# Problem to solve:
Scan the material for the word "VariableStepAuto", then return every line where it appears.

# Input for this task:
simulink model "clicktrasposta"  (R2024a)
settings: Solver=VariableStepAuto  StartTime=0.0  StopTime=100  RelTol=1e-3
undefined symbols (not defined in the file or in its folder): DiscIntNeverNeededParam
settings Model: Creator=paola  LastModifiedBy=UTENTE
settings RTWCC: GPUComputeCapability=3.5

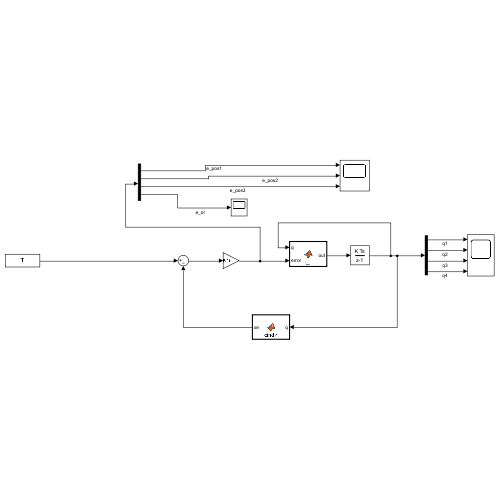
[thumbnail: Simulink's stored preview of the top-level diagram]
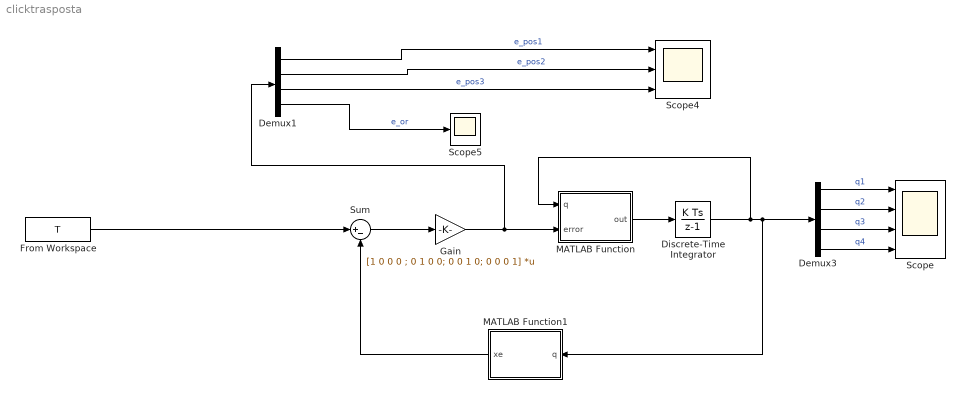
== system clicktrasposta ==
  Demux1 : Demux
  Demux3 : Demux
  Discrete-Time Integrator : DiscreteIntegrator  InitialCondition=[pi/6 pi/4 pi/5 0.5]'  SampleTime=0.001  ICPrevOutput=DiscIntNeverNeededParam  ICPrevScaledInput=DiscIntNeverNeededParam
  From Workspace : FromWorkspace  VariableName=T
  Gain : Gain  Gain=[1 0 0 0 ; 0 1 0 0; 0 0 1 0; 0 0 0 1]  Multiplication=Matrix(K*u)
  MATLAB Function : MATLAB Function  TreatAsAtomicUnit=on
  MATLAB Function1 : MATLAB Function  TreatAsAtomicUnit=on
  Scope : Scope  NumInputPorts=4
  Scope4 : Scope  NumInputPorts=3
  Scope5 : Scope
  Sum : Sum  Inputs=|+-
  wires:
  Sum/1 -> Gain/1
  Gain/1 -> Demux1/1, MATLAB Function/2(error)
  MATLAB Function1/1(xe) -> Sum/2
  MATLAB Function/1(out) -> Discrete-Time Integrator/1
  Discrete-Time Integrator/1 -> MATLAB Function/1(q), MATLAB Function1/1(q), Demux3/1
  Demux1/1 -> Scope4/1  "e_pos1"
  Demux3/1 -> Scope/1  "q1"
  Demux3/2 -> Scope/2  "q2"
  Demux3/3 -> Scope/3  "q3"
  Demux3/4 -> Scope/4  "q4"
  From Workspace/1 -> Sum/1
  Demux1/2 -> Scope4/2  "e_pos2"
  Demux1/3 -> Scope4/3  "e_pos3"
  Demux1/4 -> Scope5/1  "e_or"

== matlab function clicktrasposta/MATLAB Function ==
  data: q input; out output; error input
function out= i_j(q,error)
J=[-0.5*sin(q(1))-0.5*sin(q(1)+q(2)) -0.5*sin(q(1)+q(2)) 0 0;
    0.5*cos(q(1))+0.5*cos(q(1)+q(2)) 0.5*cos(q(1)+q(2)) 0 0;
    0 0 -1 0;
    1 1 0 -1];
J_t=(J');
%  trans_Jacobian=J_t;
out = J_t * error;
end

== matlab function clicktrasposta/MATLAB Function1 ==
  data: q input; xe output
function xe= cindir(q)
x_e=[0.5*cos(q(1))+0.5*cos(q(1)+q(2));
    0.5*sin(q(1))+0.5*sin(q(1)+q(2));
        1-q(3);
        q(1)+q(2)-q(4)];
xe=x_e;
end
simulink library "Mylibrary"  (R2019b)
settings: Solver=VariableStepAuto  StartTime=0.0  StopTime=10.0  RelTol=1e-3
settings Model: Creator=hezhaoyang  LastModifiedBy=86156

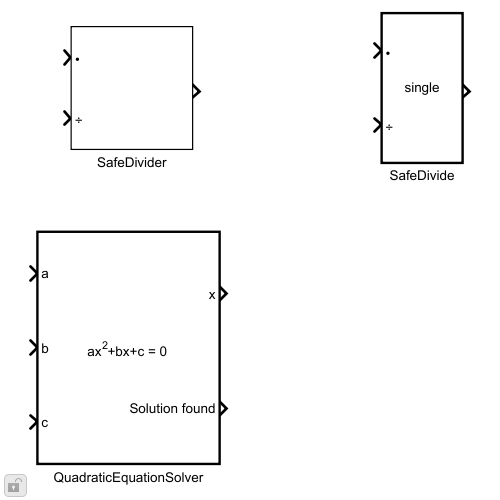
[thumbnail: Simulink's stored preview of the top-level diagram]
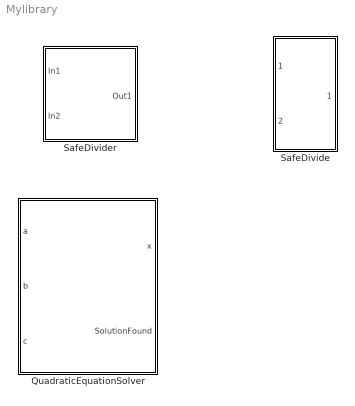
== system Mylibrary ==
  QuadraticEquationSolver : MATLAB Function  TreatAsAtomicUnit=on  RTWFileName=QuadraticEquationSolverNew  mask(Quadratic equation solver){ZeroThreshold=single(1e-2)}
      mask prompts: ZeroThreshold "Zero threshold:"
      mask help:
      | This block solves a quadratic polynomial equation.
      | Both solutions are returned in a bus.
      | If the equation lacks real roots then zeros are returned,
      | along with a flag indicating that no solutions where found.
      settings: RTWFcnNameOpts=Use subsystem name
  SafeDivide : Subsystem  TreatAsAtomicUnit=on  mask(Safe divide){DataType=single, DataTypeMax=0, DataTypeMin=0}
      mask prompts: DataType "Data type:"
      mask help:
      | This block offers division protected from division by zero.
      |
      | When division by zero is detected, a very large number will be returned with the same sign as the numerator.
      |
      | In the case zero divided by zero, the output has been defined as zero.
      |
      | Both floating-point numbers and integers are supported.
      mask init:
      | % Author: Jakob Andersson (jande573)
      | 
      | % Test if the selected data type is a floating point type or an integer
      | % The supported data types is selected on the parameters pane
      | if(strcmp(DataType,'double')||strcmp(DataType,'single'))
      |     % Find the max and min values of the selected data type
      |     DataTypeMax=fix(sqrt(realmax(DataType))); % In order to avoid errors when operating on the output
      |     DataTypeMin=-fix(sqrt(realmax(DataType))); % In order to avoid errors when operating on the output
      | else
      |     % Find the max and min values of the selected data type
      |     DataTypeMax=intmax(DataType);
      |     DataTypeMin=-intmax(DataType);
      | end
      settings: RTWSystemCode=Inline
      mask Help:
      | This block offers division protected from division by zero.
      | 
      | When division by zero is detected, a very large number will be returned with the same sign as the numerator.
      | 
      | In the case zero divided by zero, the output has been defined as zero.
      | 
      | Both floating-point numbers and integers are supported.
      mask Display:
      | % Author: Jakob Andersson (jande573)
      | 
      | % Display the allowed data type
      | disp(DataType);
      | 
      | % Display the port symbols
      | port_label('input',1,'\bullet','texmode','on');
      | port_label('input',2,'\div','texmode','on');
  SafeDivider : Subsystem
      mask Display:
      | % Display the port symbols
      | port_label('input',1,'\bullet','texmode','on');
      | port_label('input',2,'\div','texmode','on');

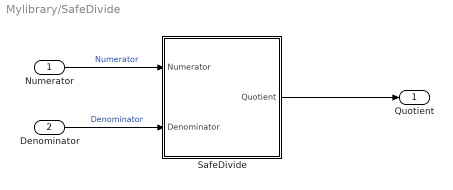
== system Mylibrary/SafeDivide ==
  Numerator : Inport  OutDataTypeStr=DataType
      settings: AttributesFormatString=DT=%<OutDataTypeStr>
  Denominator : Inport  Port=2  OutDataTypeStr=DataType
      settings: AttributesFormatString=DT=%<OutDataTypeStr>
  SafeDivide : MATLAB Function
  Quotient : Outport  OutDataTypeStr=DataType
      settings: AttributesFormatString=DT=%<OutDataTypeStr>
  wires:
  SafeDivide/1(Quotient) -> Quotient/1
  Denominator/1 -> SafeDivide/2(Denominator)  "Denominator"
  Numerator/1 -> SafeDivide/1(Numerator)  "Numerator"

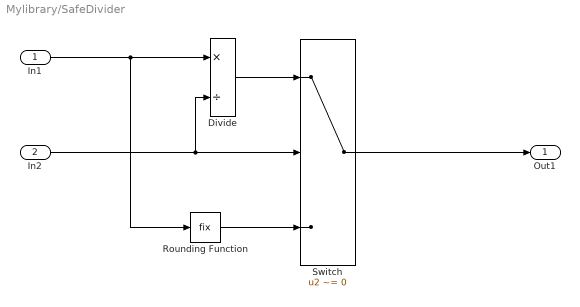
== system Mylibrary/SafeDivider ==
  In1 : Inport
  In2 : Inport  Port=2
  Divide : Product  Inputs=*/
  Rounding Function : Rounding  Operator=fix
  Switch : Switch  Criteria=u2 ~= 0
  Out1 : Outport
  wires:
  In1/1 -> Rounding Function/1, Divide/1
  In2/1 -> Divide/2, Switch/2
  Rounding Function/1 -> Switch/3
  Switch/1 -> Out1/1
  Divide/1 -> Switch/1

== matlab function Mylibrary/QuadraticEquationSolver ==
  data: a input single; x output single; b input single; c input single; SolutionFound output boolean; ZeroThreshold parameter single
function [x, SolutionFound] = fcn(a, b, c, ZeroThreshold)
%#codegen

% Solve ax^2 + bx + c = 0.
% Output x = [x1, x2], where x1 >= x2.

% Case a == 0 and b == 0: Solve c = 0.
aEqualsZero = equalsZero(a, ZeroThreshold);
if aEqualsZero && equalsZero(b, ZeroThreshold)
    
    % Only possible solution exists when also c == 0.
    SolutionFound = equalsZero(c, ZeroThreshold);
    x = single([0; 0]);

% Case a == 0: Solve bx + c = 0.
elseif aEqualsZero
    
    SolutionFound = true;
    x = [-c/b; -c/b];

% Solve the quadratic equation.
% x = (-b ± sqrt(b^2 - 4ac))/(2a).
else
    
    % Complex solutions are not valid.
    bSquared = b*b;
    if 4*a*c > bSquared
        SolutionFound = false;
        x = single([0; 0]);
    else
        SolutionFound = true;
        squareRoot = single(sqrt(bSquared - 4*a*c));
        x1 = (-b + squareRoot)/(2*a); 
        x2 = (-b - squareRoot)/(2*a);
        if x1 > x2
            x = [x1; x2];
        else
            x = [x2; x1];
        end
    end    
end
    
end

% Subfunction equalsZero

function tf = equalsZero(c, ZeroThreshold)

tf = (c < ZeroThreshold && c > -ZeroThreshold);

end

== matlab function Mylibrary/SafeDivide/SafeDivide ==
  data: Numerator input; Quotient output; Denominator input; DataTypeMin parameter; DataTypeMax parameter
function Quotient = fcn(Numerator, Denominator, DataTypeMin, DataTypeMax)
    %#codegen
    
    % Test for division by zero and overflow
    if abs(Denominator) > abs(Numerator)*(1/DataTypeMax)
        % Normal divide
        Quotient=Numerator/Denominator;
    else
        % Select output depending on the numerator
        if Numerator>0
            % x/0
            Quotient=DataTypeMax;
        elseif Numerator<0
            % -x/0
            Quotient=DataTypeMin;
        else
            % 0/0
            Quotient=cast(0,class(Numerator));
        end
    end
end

# Answer section:
settings: Solver=VariableStepAuto  StartTime=0.0  StopTime=100  RelTol=1e-3
settings: Solver=VariableStepAuto  StartTime=0.0  StopTime=10.0  RelTol=1e-3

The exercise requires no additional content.